La fissazione del cognome coincide con la perdita di significato descrittivo: i nomi di famiglia diventano etichette moderne, ma vuote, trasmesse ma immutabili. A volte trasparenti nel loro significato originario, a volte comprensibili soltanto al linguista o al dialettologo e altre volte del tutto incomprensibili. Quelli trasparenti possono essere fonte di equivoci e di... risate, se a occuparsi di onomastica è il grande Totò. «Questo nome non mi è nuovo» soleva ripetere. Da dove nasceva la sua comicità onomastica? Dal fatto, di per sé banalissimo, che l’attore negava la perdita di significato del cognome: questo manteneva ai suoi occhi e alle sue orecchie un valore preciso, quello dei dizionari.

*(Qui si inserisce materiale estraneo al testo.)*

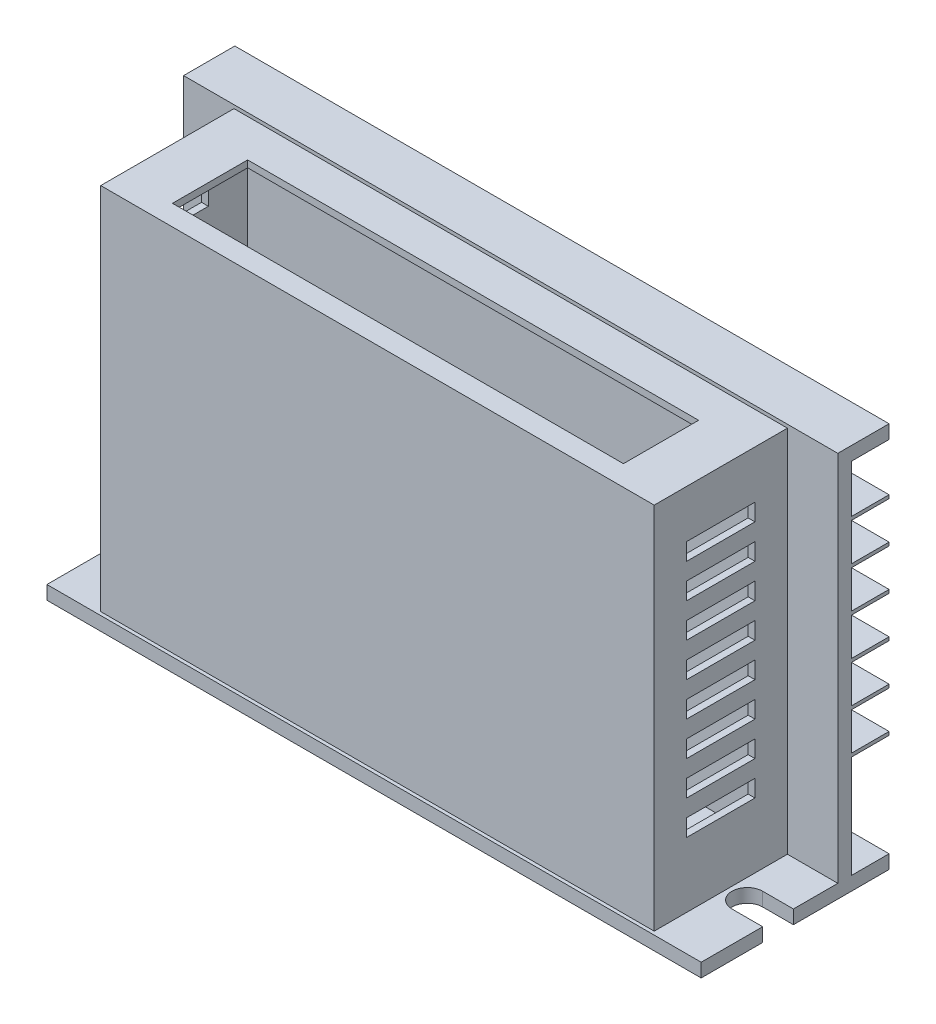
SolidWorks part; units mm, degrees
ref_plane "Front Plane" through (0, 0, 0) normal (0, 0, 1) x (1, 0, 0)
ref_plane "Top Plane" through (0, 0, 0) normal (0, 1, 0) x (1, 0, 0)
ref_plane "Right Plane" through (0, 0, 0) normal (1, 0, 0) x (0, 0, -1)
sketch "Sketch1" plane through (0, 0, 0) normal (0, 1, 0) x (1, 0, 0)
  line L0 (0, -13.75) -> (0, 13.75) construction
  line L1 (-47.875, -13.75) -> (47.875, -13.75)
  line L2 (-47.875, -13.75) -> (-47.875, 13.75)
  line L3 (-47.875, 13.75) -> (47.875, 13.75)
  line L4 (47.875, -13.75) -> (47.875, 13.75)
  line L5 (-47.875, -13.75) -> (47.875, 13.75) construction
  line L6 (-47.875, 13.75) -> (47.875, -13.75) construction
  line L7 (-47.875, -4.75) -> (-43.375, -4.75)
  line L8 (-47.875, -4.75) -> (-47.875, -0.25)
  line L9 (-47.875, -0.25) -> (-43.375, -0.25)
  line L11 (47.875, -4.75) -> (43.375, -4.75)
  line L12 (47.875, -0.25) -> (43.375, -0.25)
  arc A0 (-43.375, -4.75) -> (-43.375, -0.25) centre (-43.375, -2.5) ccw
  arc A1 (43.375, -4.75) -> (43.375, -0.25) centre (43.375, -2.5) cw
  point P0 (0, 0)
  dimension "D5" = 2.25
  dimension "D1" = 27.5
  dimension "D2" = 95.75
  dimension "D3" = 14
  dimension "D4" = 9
  dimension "D6" = 4.5
extrude "Boss-Extrude1" add sketch "Sketch1" along normal blind 2 contours L11 A1 L12 L4 L3 L2 L9 A0 L7 L1 region at (0, 0, -0.0547)
sketch "Sketch2" plane through (-47.875, 0, 0) normal (-1, 0, 0) x (0, 0, 1)
  line L1 (-13.75, 0) -> (-6.25, 0)
  line L2 (-13.75, 0) -> (-13.75, 2)
  line L3 (-13.75, 56.5) -> (-6.25, 56.5)
  line L4 (-6.25, 0) -> (-6.25, 56.5)
  line L7 (-13.75, 54.5) -> (-13.75, 56.5)
  line L39 (-13.75, 54.5) -> (-8.25, 54.5)
  line L40 (-8.25, 54.5) -> (-8.25, 47.5)
  line L41 (0.25, 2) -> (-13.75, 2) construction
  line L42 (-8.25, 2) -> (-13.75, 2)
  line L43 (-8.25, 17.5) -> (-13.75, 17.5)
  line L44 (-8.25, 11.5) -> (-13.75, 11.5)
  line L45 (-8.25, 11.5) -> (-8.25, 11)
  line L46 (-8.25, 11) -> (-13.75, 11)
  line L58 (-13.75, 11.5) -> (-13.75, 11)
  line L59 (-13.75, 17.5) -> (-13.75, 17)
  line L60 (-8.25, 17) -> (-13.75, 17)
  line L61 (-8.25, 23.5) -> (-13.75, 23.5)
  line L62 (-13.75, 23.5) -> (-13.75, 23)
  line L63 (-8.25, 23) -> (-13.75, 23)
  line L64 (-8.25, 29.5) -> (-13.75, 29.5)
  line L65 (-13.75, 29.5) -> (-13.75, 29)
  line L66 (-8.25, 29) -> (-13.75, 29)
  line L67 (-8.25, 35.5) -> (-13.75, 35.5)
  line L68 (-13.75, 35.5) -> (-13.75, 35)
  line L69 (-8.25, 35) -> (-13.75, 35)
  line L70 (-8.25, 41.5) -> (-13.75, 41.5)
  line L71 (-13.75, 41.5) -> (-13.75, 41)
  line L72 (-8.25, 41) -> (-13.75, 41)
  line L73 (-8.25, 47.5) -> (-13.75, 47.5)
  line L74 (-13.75, 47.5) -> (-13.75, 47)
  line L75 (-8.25, 47) -> (-13.75, 47)
  line L76 (-8.25, 11.5) -> (-8.25, 17) construction
  line L77 (-8.25, 17) -> (-8.25, 2)
  line L78 (-8.25, 23) -> (-8.25, 17.5)
  line L79 (-8.25, 29) -> (-8.25, 23.5)
  line L80 (-8.25, 35) -> (-8.25, 29.5)
  line L81 (-8.25, 41) -> (-8.25, 35.5)
  line L82 (-8.25, 47) -> (-8.25, 41.5)
  dimension "D1" = 7.5
  dimension "D2" = 56.5
  dimension "D4" = 2
  dimension "D5" = 0.5
  dimension "D7" = 6
  dimension "D3" = 2
  dimension "D6" = 9
extrude "Boss-Extrude4" add sketch "Sketch2" against normal up to surface (95.75 mm away) contours L4 L3 L7 L39 L40 L73 L74 L75 L82 L70 L71 L72 L81 L67 L68 L69 L80 L64 L65 L66 L79 L61 L62 L63 L78 L43 L59 L60 L77 L42 L2 L1 up to face at (47.875, 1, -6.75)
sketch "Sketch3" plane through (0, 2, 0) normal (0, 1, 0) x (1, 0, 0)
  line L1 (-40.5, -13.25) -> (40.5, -13.25)
  line L2 (-40.5, -13.25) -> (-40.5, 6.25)
  line L3 (-40.5, 6.25) -> (40.5, 6.25)
  line L4 (40.5, -13.25) -> (40.5, 6.25)
  line L5 (47.875, 6.25) -> (-47.875, 6.25) construction
  line L6 (0, 6.25) -> (0, -13.25) construction
  line L7 (47.875, -0.25) -> (47.875, 6.25) construction
  line L8 (-47.875, -0.25) -> (-47.875, 6.25) construction
  line L9 (-47.875, -13.75) -> (47.875, -13.75) construction
  dimension "D1" = 81
  dimension "D2" = 0.5
extrude "Boss-Extrude5" add sketch "Sketch3" along normal offset from surface (54 mm away) 0.5 contours L2 L3 L4 L1 up to face at (0, 56.5, -10)
sketch "Sketch4" plane through (40.5, 0, 0) normal (1, 0, 0) x (0, 0, -1)
  line L0 (6.25, 56) -> (-13.25, 56) construction
  line L1 (-8.5, 46.5) -> (1.5, 46.5)
  line L2 (-8.5, 46.5) -> (-8.5, 49)
  line L3 (-8.5, 49) -> (1.5, 49)
  line L4 (1.5, 46.5) -> (1.5, 49)
  line L5 (-13.25, 56) -> (-13.25, 2) construction
  line L7 (-8.5, 41.5) -> (-8.5, 44)
  line L8 (-8.5, 41.5) -> (1.5, 41.5)
  line L9 (1.5, 41.5) -> (1.5, 44)
  line L10 (-8.5, 44) -> (1.5, 44)
  line L11 (-8.5, 36.5) -> (-8.5, 39)
  line L12 (-8.5, 36.5) -> (1.5, 36.5)
  line L13 (1.5, 36.5) -> (1.5, 39)
  line L14 (-8.5, 39) -> (1.5, 39)
  line L15 (-8.5, 31.5) -> (-8.5, 34)
  line L16 (-8.5, 31.5) -> (1.5, 31.5)
  line L17 (1.5, 31.5) -> (1.5, 34)
  line L18 (-8.5, 34) -> (1.5, 34)
  line L19 (-8.5, 26.5) -> (-8.5, 29)
  line L20 (-8.5, 26.5) -> (1.5, 26.5)
  line L21 (1.5, 26.5) -> (1.5, 29)
  line L22 (-8.5, 29) -> (1.5, 29)
  line L23 (-8.5, 21.5) -> (-8.5, 24)
  line L24 (-8.5, 21.5) -> (1.5, 21.5)
  line L25 (1.5, 21.5) -> (1.5, 24)
  line L26 (-8.5, 24) -> (1.5, 24)
  line L27 (-8.5, 16.5) -> (-8.5, 19)
  line L28 (-8.5, 16.5) -> (1.5, 16.5)
  line L29 (1.5, 16.5) -> (1.5, 19)
  line L30 (-8.5, 19) -> (1.5, 19)
  line L31 (-8.5, 11.5) -> (-8.5, 14)
  line L32 (-8.5, 11.5) -> (1.5, 11.5)
  line L33 (1.5, 11.5) -> (1.5, 14)
  line L34 (-8.5, 14) -> (1.5, 14)
  line L35 (-8.5, 46.5) -> (-8.5, 41.5) construction
  dimension "D1" = 10
  dimension "D2" = 2.5
  dimension "D3" = 7
  dimension "D4" = 4.75
  dimension "D5" = 5
extrude "Cut-Extrude1" cut sketch "Sketch4" against normal blind 1
shell "Shell1" thickness 1 removed face at (39.5, 12.75, 3.5) removed face at (39.5, 17.75, 3.5) removed face at (39.5, 22.75, 3.5) removed face at (39.5, 27.75, 3.5) removed face at (39.5, 32.75, 3.5) removed face at (39.5, 37.75, 3.5) removed face at (39.5, 42.75, 3.5) removed face at (39.5, 47.75, 3.5)
extrude "Cut-Extrude2" cut sketch "Sketch4<2>" against normal through all contours L1 L4 L3 L2 | L32 L33 L34 L31 | L28 L29 L30 L27
sketch "Sketch4<2>" plane through (40.5, 0, 0) normal (1, 0, 0) x (0, 0, -1) same geometry as "Sketch4"
sketch "Sketch5" plane through (-40.5, 0, 0) normal (-1, 0, 0) x (0, 0, 1)
  line L0 (13.25, 56) -> (13.25, 2) construction
  line L1 (0, 39.5) -> (10, 39.5)
  line L2 (0, 39.5) -> (0, 21)
  line L3 (0, 21) -> (10, 21)
  line L4 (10, 39.5) -> (10, 21)
  line L5 (-1.5, 19) -> (8.5, 19) construction
  dimension "D1" = 10
  dimension "D2" = 3.25
  dimension "D3" = 18.5
  dimension "D4" = 2
extrude "Cut-Extrude3" cut sketch "Sketch5" against normal up to next contours L4 L3 L2 L1
sketch "Sketch6" plane through (0, 56, 0) normal (0, 1, 0) x (1, 0, 0)
  line L0 (40.5, -13.25) -> (-40.5, -13.25) construction
  line L1 (33, 0.75) -> (-33, 0.75)
  line L2 (33, 0.75) -> (33, -10.25)
  line L3 (33, -10.25) -> (-33, -10.25)
  line L4 (-33, 0.75) -> (-33, -10.25)
  line L5 (0, -10.25) -> (0, 0.75) construction
  line L6 (40.5, 6.25) -> (40.5, -13.25) construction
  line L7 (-40.5, 6.25) -> (-40.5, -13.25) construction
  dimension "D1" = 11
  dimension "D2" = 3
  dimension "D3" = 66
extrude "Cut-Extrude4" cut sketch "Sketch6" against normal up to surface (1 mm away) up to face at (0, 55, 2.5)

Alla presentazione di una paziente – «Ada Barbalunga, vedova Barbieri» – Totò nei panni di un medico (il film è Totò, Vittorio e la dottoressa del 1957) replicava: «Per forza». «Come per forza?». «Morto il barbiere, la barba si allunga!». Notissima è la scenetta nel vagone-letto (Totò a colori, 1952) con l’onorevole Cosimo Trombetta, appellato da Totò Tromba, Trombone, Contrabbasso, Violoncello e infine presentato come suonatore di clarino.
Il tormentone delle variazioni sul tema si ripete in Destinazione Piovarolo (1955), in cui il protagonista La Quaglia è chiamato La Fagiana, L’Allodola, Lo Merlo. Nel film La cambiale (1959), protagonisti i cugini Posalaquaglia, la prostituta Lola Capponi è ribattezzata Cappona, Gallina, Pollanca e Picciona. Nel film I ladri (1959), il malcapitato di turno è La Nocella, il cui cognome diventa via via La Noce, La Nocchia, La Finocchia, La Peretta, La Melona, la Nocciolina, Lo Fico Secco e Ortolani. Non senza metafore maliziose: peretta ‘clistere’, finocchio ‘omosessuale’ ecc.
Confusione coi nomi propri
In altre occasioni la confusione avviene tra un nome (o un sintagma) comune, appartenente al lessico, e un nome di persona o di luogo. In Totò, Peppino e la... malafemmina (1956) lo spagnolo adelante viene inteso come Adelaide, e la “laurea” diventa Laura, nella celebre lettera dei fratelli Caponi alla “malafemmina”.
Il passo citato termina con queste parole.